On 5 January 2016, The Financial Accounting Standards Board (FASB) issued an Accounting Standards Update (ASU) intended to improve the recognition and measurement of financial instruments. The ASU affects public and private companies, not-for-profit organisations, and employee benefit plans that hold financial assets or owe financial liabilities.

The new standard significantly revises an entity’s accounting related to:

  1. the classification and measurement of investments in equity securities; and
  2. the presentation of certain fair value changes for financial liabilities measured at fair value.

It also amends certain disclosure requirements associated with the fair value of financial instruments. Some of the major changes as a result of the ASU are summarised below.
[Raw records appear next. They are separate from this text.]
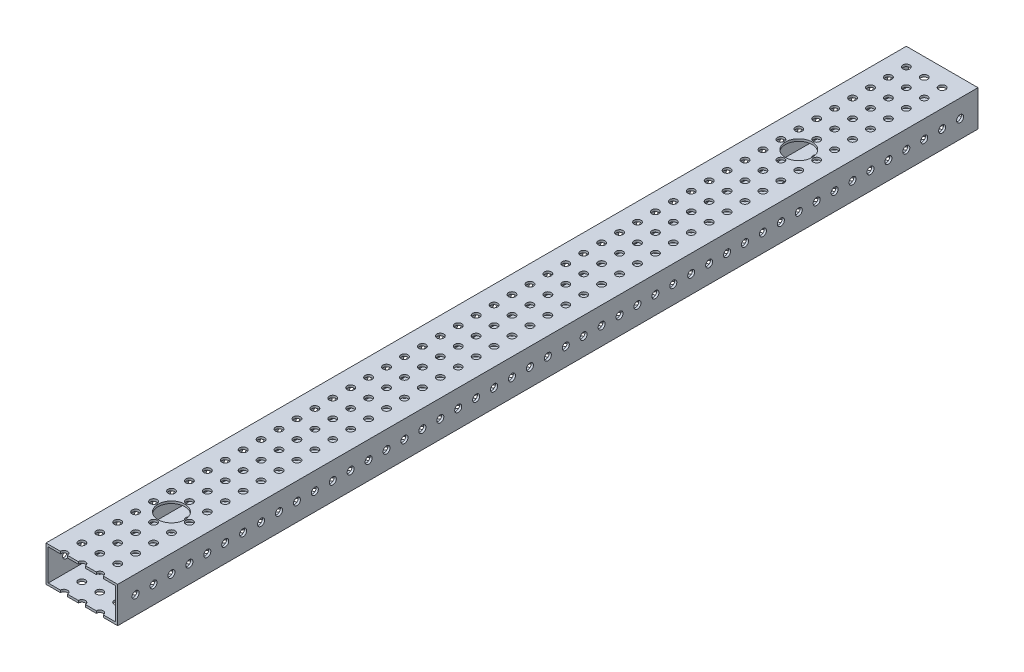
SolidWorks part; units mm, degrees
material "6061 Alloy"
ref_plane "Front Plane" through (0, 0, 0) normal (0, 0, 1) x (1, 0, 0)
ref_plane "Top Plane" through (0, 0, 0) normal (0, 1, 0) x (1, 0, 0)
ref_plane "Right Plane" through (0, 0, 0) normal (1, 0, 0) x (0, 0, -1)
sketch "Sketch1" plane through (0, 0, 0) normal (0, 0, 1) x (1, 0, 0)
  line L0 (1.5875, 1.5875) -> (49.2125, 1.5875)
  line L1 (0, 0) -> (50.8, 0)
  line L2 (0, 0) -> (0, 25.4)
  line L3 (0, 25.4) -> (50.8, 25.4)
  line L4 (50.8, 0) -> (50.8, 25.4)
  line L5 (49.2125, 1.5875) -> (49.2125, 23.8125)
  line L6 (1.5875, 23.8125) -> (49.2125, 23.8125)
  line L7 (1.5875, 1.5875) -> (1.5875, 23.8125)
  dimension "D1" = 50.8
  dimension "D2" = 25.4
  dimension "D3" = 1.5875
extrude "Boss-Extrude1" add sketch "Sketch1" along normal blind 609.6
sketch "Sketch2" plane through (50.8, 0, 0) normal (1, 0, 0) x (0, 0, -1)
  line L0 (-609.6, 0) -> (-609.6, 25.4) construction
  line L1 (-596.9, 12.7) -> (-584.2, 12.7) construction
  circle A0 centre (-596.9, 12.7) radius 2.4892
  circle A1 centre (-584.2, 12.7) radius 2.4892
  circle A2 centre (-571.5, 12.7) radius 2.4892
  circle A3 centre (-558.8, 12.7) radius 2.4892
  circle A4 centre (-546.1, 12.7) radius 2.4892
  circle A5 centre (-533.4, 12.7) radius 2.4892
  circle A6 centre (-520.7, 12.7) radius 2.4892
  circle A7 centre (-508, 12.7) radius 2.4892
  circle A8 centre (-495.3, 12.7) radius 2.4892
  circle A9 centre (-482.6, 12.7) radius 2.4892
  circle A10 centre (-469.9, 12.7) radius 2.4892
  circle A11 centre (-457.2, 12.7) radius 2.4892
  circle A12 centre (-444.5, 12.7) radius 2.4892
  circle A13 centre (-431.8, 12.7) radius 2.4892
  circle A14 centre (-419.1, 12.7) radius 2.4892
  circle A15 centre (-406.4, 12.7) radius 2.4892
  circle A16 centre (-393.7, 12.7) radius 2.4892
  circle A17 centre (-381, 12.7) radius 2.4892
  circle A18 centre (-368.3, 12.7) radius 2.4892
  circle A19 centre (-355.6, 12.7) radius 2.4892
  circle A20 centre (-342.9, 12.7) radius 2.4892
  circle A21 centre (-330.2, 12.7) radius 2.4892
  circle A22 centre (-317.5, 12.7) radius 2.4892
  circle A23 centre (-304.8, 12.7) radius 2.4892
  circle A24 centre (-292.1, 12.7) radius 2.4892
  circle A25 centre (-279.4, 12.7) radius 2.4892
  circle A26 centre (-266.7, 12.7) radius 2.4892
  circle A27 centre (-254, 12.7) radius 2.4892
  circle A28 centre (-241.3, 12.7) radius 2.4892
  circle A29 centre (-228.6, 12.7) radius 2.4892
  circle A30 centre (-215.9, 12.7) radius 2.4892
  circle A31 centre (-203.2, 12.7) radius 2.4892
  circle A32 centre (-190.5, 12.7) radius 2.4892
  circle A33 centre (-177.8, 12.7) radius 2.4892
  circle A34 centre (-165.1, 12.7) radius 2.4892
  circle A35 centre (-152.4, 12.7) radius 2.4892
  circle A36 centre (-139.7, 12.7) radius 2.4892
  circle A37 centre (-127, 12.7) radius 2.4892
  circle A38 centre (-114.3, 12.7) radius 2.4892
  circle A39 centre (-101.6, 12.7) radius 2.4892
  circle A40 centre (-88.9, 12.7) radius 2.4892
  circle A41 centre (-76.2, 12.7) radius 2.4892
  circle A42 centre (-63.5, 12.7) radius 2.4892
  circle A43 centre (-50.8, 12.7) radius 2.4892
  circle A44 centre (-38.1, 12.7) radius 2.4892
  circle A45 centre (-25.4, 12.7) radius 2.4892
  circle A46 centre (-12.7, 12.7) radius 2.4892
  point P4 (-609.6, 12.7)
  dimension "D1" = 4.9784
  dimension "D2" = 12.7
  dimension "D4" = 12.7
  dimension "D3" = 47
extrude "Cut-Extrude1" cut sketch "Sketch2" against normal through all
sketch "Sketch4" plane through (0, 25.4, 0) normal (0, 1, 0) x (1, 0, 0)
  line L0 (50.8, 0) -> (0, 0) construction
  line L1 (0, -609.6) -> (0, 0) construction
  line L2 (12.7, -12.7) -> (25.4, -12.7) construction
  line L3 (12.7, -12.7) -> (12.7, -25.4) construction
  circle A0 centre (12.7, -12.7) radius 2.4892
  circle A1 centre (25.4, -12.7) radius 2.4892
  circle A2 centre (38.1, -12.7) radius 2.4892
  circle A3 centre (25.4, -25.4) radius 2.4892
  circle A4 centre (38.1, -25.4) radius 2.4892
  circle A5 centre (25.4, -38.1) radius 2.4892
  circle A6 centre (38.1, -38.1) radius 2.4892
  circle A7 centre (25.4, -50.8) radius 2.4892
  circle A8 centre (38.1, -50.8) radius 2.4892
  circle A9 centre (25.4, -63.5) radius 2.4892
  circle A10 centre (38.1, -63.5) radius 2.4892
  circle A11 centre (25.4, -76.2) radius 2.4892
  circle A12 centre (38.1, -76.2) radius 2.4892
  circle A13 centre (25.4, -88.9) radius 2.4892
  circle A14 centre (38.1, -88.9) radius 2.4892
  circle A15 centre (25.4, -101.6) radius 2.4892
  circle A16 centre (38.1, -101.6) radius 2.4892
  circle A17 centre (25.4, -114.3) radius 2.4892
  circle A18 centre (38.1, -114.3) radius 2.4892
  circle A19 centre (25.4, -127) radius 2.4892
  circle A20 centre (38.1, -127) radius 2.4892
  circle A21 centre (25.4, -139.7) radius 2.4892
  circle A22 centre (38.1, -139.7) radius 2.4892
  circle A23 centre (25.4, -152.4) radius 2.4892
  circle A24 centre (38.1, -152.4) radius 2.4892
  circle A25 centre (25.4, -165.1) radius 2.4892
  circle A26 centre (38.1, -165.1) radius 2.4892
  circle A27 centre (25.4, -177.8) radius 2.4892
  circle A28 centre (38.1, -177.8) radius 2.4892
  circle A29 centre (25.4, -190.5) radius 2.4892
  circle A30 centre (38.1, -190.5) radius 2.4892
  circle A31 centre (25.4, -203.2) radius 2.4892
  circle A32 centre (38.1, -203.2) radius 2.4892
  circle A33 centre (25.4, -215.9) radius 2.4892
  circle A34 centre (38.1, -215.9) radius 2.4892
  circle A35 centre (25.4, -228.6) radius 2.4892
  circle A36 centre (38.1, -228.6) radius 2.4892
  circle A37 centre (25.4, -241.3) radius 2.4892
  circle A38 centre (38.1, -241.3) radius 2.4892
  circle A39 centre (25.4, -254) radius 2.4892
  circle A40 centre (38.1, -254) radius 2.4892
  circle A41 centre (25.4, -266.7) radius 2.4892
  circle A42 centre (38.1, -266.7) radius 2.4892
  circle A43 centre (25.4, -279.4) radius 2.4892
  circle A44 centre (38.1, -279.4) radius 2.4892
  circle A45 centre (25.4, -292.1) radius 2.4892
  circle A46 centre (38.1, -292.1) radius 2.4892
  circle A47 centre (25.4, -304.8) radius 2.4892
  circle A48 centre (38.1, -304.8) radius 2.4892
  circle A49 centre (25.4, -317.5) radius 2.4892
  circle A50 centre (38.1, -317.5) radius 2.4892
  circle A51 centre (25.4, -330.2) radius 2.4892
  circle A52 centre (38.1, -330.2) radius 2.4892
  circle A53 centre (25.4, -342.9) radius 2.4892
  circle A54 centre (38.1, -342.9) radius 2.4892
  circle A55 centre (25.4, -355.6) radius 2.4892
  circle A56 centre (38.1, -355.6) radius 2.4892
  circle A57 centre (25.4, -368.3) radius 2.4892
  circle A58 centre (38.1, -368.3) radius 2.4892
  circle A59 centre (25.4, -381) radius 2.4892
  circle A60 centre (38.1, -381) radius 2.4892
  circle A61 centre (25.4, -393.7) radius 2.4892
  circle A62 centre (38.1, -393.7) radius 2.4892
  circle A63 centre (25.4, -406.4) radius 2.4892
  circle A64 centre (38.1, -406.4) radius 2.4892
  circle A65 centre (25.4, -419.1) radius 2.4892
  circle A66 centre (38.1, -419.1) radius 2.4892
  circle A67 centre (25.4, -431.8) radius 2.4892
  circle A68 centre (38.1, -431.8) radius 2.4892
  circle A69 centre (25.4, -444.5) radius 2.4892
  circle A70 centre (38.1, -444.5) radius 2.4892
  circle A71 centre (25.4, -457.2) radius 2.4892
  circle A72 centre (38.1, -457.2) radius 2.4892
  circle A73 centre (25.4, -469.9) radius 2.4892
  circle A74 centre (38.1, -469.9) radius 2.4892
  circle A75 centre (25.4, -482.6) radius 2.4892
  circle A76 centre (38.1, -482.6) radius 2.4892
  circle A77 centre (25.4, -495.3) radius 2.4892
  circle A78 centre (38.1, -495.3) radius 2.4892
  circle A79 centre (25.4, -508) radius 2.4892
  circle A80 centre (38.1, -508) radius 2.4892
  circle A81 centre (25.4, -520.7) radius 2.4892
  circle A82 centre (38.1, -520.7) radius 2.4892
  circle A83 centre (25.4, -533.4) radius 2.4892
  circle A84 centre (38.1, -533.4) radius 2.4892
  circle A85 centre (25.4, -546.1) radius 2.4892
  circle A86 centre (38.1, -546.1) radius 2.4892
  circle A87 centre (25.4, -558.8) radius 2.4892
  circle A88 centre (38.1, -558.8) radius 2.4892
  circle A89 centre (25.4, -571.5) radius 2.4892
  circle A90 centre (38.1, -571.5) radius 2.4892
  circle A91 centre (25.4, -584.2) radius 2.4892
  circle A92 centre (38.1, -584.2) radius 2.4892
  circle A93 centre (25.4, -596.9) radius 2.4892
  circle A94 centre (38.1, -596.9) radius 2.4892
  circle A95 centre (25.4, -609.6) radius 2.4892
  circle A96 centre (38.1, -609.6) radius 2.4892
  circle A97 centre (12.7, -25.4) radius 2.4892
  circle A98 centre (12.7, -38.1) radius 2.4892
  circle A99 centre (12.7, -50.8) radius 2.4892
  circle A100 centre (12.7, -63.5) radius 2.4892
  circle A101 centre (12.7, -76.2) radius 2.4892
  circle A102 centre (12.7, -88.9) radius 2.4892
  circle A103 centre (12.7, -101.6) radius 2.4892
  circle A104 centre (12.7, -114.3) radius 2.4892
  circle A105 centre (12.7, -127) radius 2.4892
  circle A106 centre (12.7, -139.7) radius 2.4892
  circle A107 centre (12.7, -152.4) radius 2.4892
  circle A108 centre (12.7, -165.1) radius 2.4892
  circle A109 centre (12.7, -177.8) radius 2.4892
  circle A110 centre (12.7, -190.5) radius 2.4892
  circle A111 centre (12.7, -203.2) radius 2.4892
  circle A112 centre (12.7, -215.9) radius 2.4892
  circle A113 centre (12.7, -228.6) radius 2.4892
  circle A114 centre (12.7, -241.3) radius 2.4892
  circle A115 centre (12.7, -254) radius 2.4892
  circle A116 centre (12.7, -266.7) radius 2.4892
  circle A117 centre (12.7, -279.4) radius 2.4892
  circle A118 centre (12.7, -292.1) radius 2.4892
  circle A119 centre (12.7, -304.8) radius 2.4892
  circle A120 centre (12.7, -317.5) radius 2.4892
  circle A121 centre (12.7, -330.2) radius 2.4892
  circle A122 centre (12.7, -342.9) radius 2.4892
  circle A123 centre (12.7, -355.6) radius 2.4892
  circle A124 centre (12.7, -368.3) radius 2.4892
  circle A125 centre (12.7, -381) radius 2.4892
  circle A126 centre (12.7, -393.7) radius 2.4892
  circle A127 centre (12.7, -406.4) radius 2.4892
  circle A128 centre (12.7, -419.1) radius 2.4892
  circle A129 centre (12.7, -431.8) radius 2.4892
  circle A130 centre (12.7, -444.5) radius 2.4892
  circle A131 centre (12.7, -457.2) radius 2.4892
  circle A132 centre (12.7, -469.9) radius 2.4892
  circle A133 centre (12.7, -482.6) radius 2.4892
  circle A134 centre (12.7, -495.3) radius 2.4892
  circle A135 centre (12.7, -508) radius 2.4892
  circle A136 centre (12.7, -520.7) radius 2.4892
  circle A137 centre (12.7, -533.4) radius 2.4892
  circle A138 centre (12.7, -546.1) radius 2.4892
  circle A139 centre (12.7, -558.8) radius 2.4892
  circle A140 centre (12.7, -571.5) radius 2.4892
  circle A141 centre (12.7, -584.2) radius 2.4892
  circle A142 centre (12.7, -596.9) radius 2.4892
  circle A143 centre (12.7, -609.6) radius 2.4892
  dimension "D1" = 4.9784
  dimension "D2" = 12.7
  dimension "D3" = 12.7
  dimension "D6" = 90
  dimension "D7" = 12.7
  dimension "D8" = 12.7
  dimension "D4" = 3
  dimension "D5" = 48
extrude "Cut-Extrude3" cut sketch "Sketch4" against normal through all
sketch "Sketch3" plane through (0, 0, 0) normal (0, -1, 0) x (1, 0, 0)
  line L0 (0, 609.6) -> (0, 0) construction
  line L2 (0, 304.8) -> (50.8, 304.8) construction
  line L3 (50.8, 609.6) -> (50.8, 0) construction
  circle A0 centre (25.4, 546.1) radius 9.525
  circle A1 centre (25.4, 101.6) radius 9.525
  point P2 (92.635, 520.1619)
  point P6 (25.4, 546.1)
  point P7 (0, 0)
  point P14 (25.4, 76.2)
  point P16 (0, 0)
  point P17 (25.4, 533.4)
  point P19 (0, 0)
  point P20 (25.4, 546.1)
  point P22 (0, 0)
  point P23 (25.4, 101.6)
  dimension "D1" = 19.05
extrude "Cut-Extrude2" cut sketch "Sketch3" against normal through all

The new guidance makes targeted improvements to existing US GAAP by:

  • requiring equity investments (except those accounted for under the equity method of accounting, or those that result in consolidation of the investee) to be measured at fair value with changes in fair value recognised in net income;
  • requiring public business entities to use the exit price notion when measuring the fair value of financial instruments for disclosure purposes;
  • requiring separate presentation of financial assets and financial liabilities by measurement category and form of financial asset (that is, securities or loans and receivables) on the balance sheet or the accompanying notes to the financial statements;
  • eliminating the requirement to disclose the fair value of financial instruments measured at amortised cost for organisations that are not public business entities;
  • eliminating the requirement for public business entities to disclose the method(s) and significant assumptions used to estimate the fair value that is required to be disclosed for financial instruments measured at amortised cost on the balance sheet; and
  • requiring a reporting organisation to present separately in other comprehensive income the portion of the total change in the fair value of a liability resulting from a change in the instrument-specific credit risk (also referred to as “own credit”) when the organisation has elected to measure the liability at fair value in accordance with the fair value option for financial instruments.

The new standard is effective for public business entities for fiscal years beginning after 15 December 2017, including interim periods therein. For all other entities, the new standard is effective for fiscal years beginning after 15 December 2018, and interim reporting periods within fiscal years beginning after 15 December 2019.

It is important to note, upon adoption, entities will be required to make a cumulative-effect adjustment to the statement of financial position as of the beginning of the first reporting period in which the guidance is effective. The guidance on equity securities without readily determinable fair value will be applied prospectively to all equity investments that exist as of the date of adoption of the standard.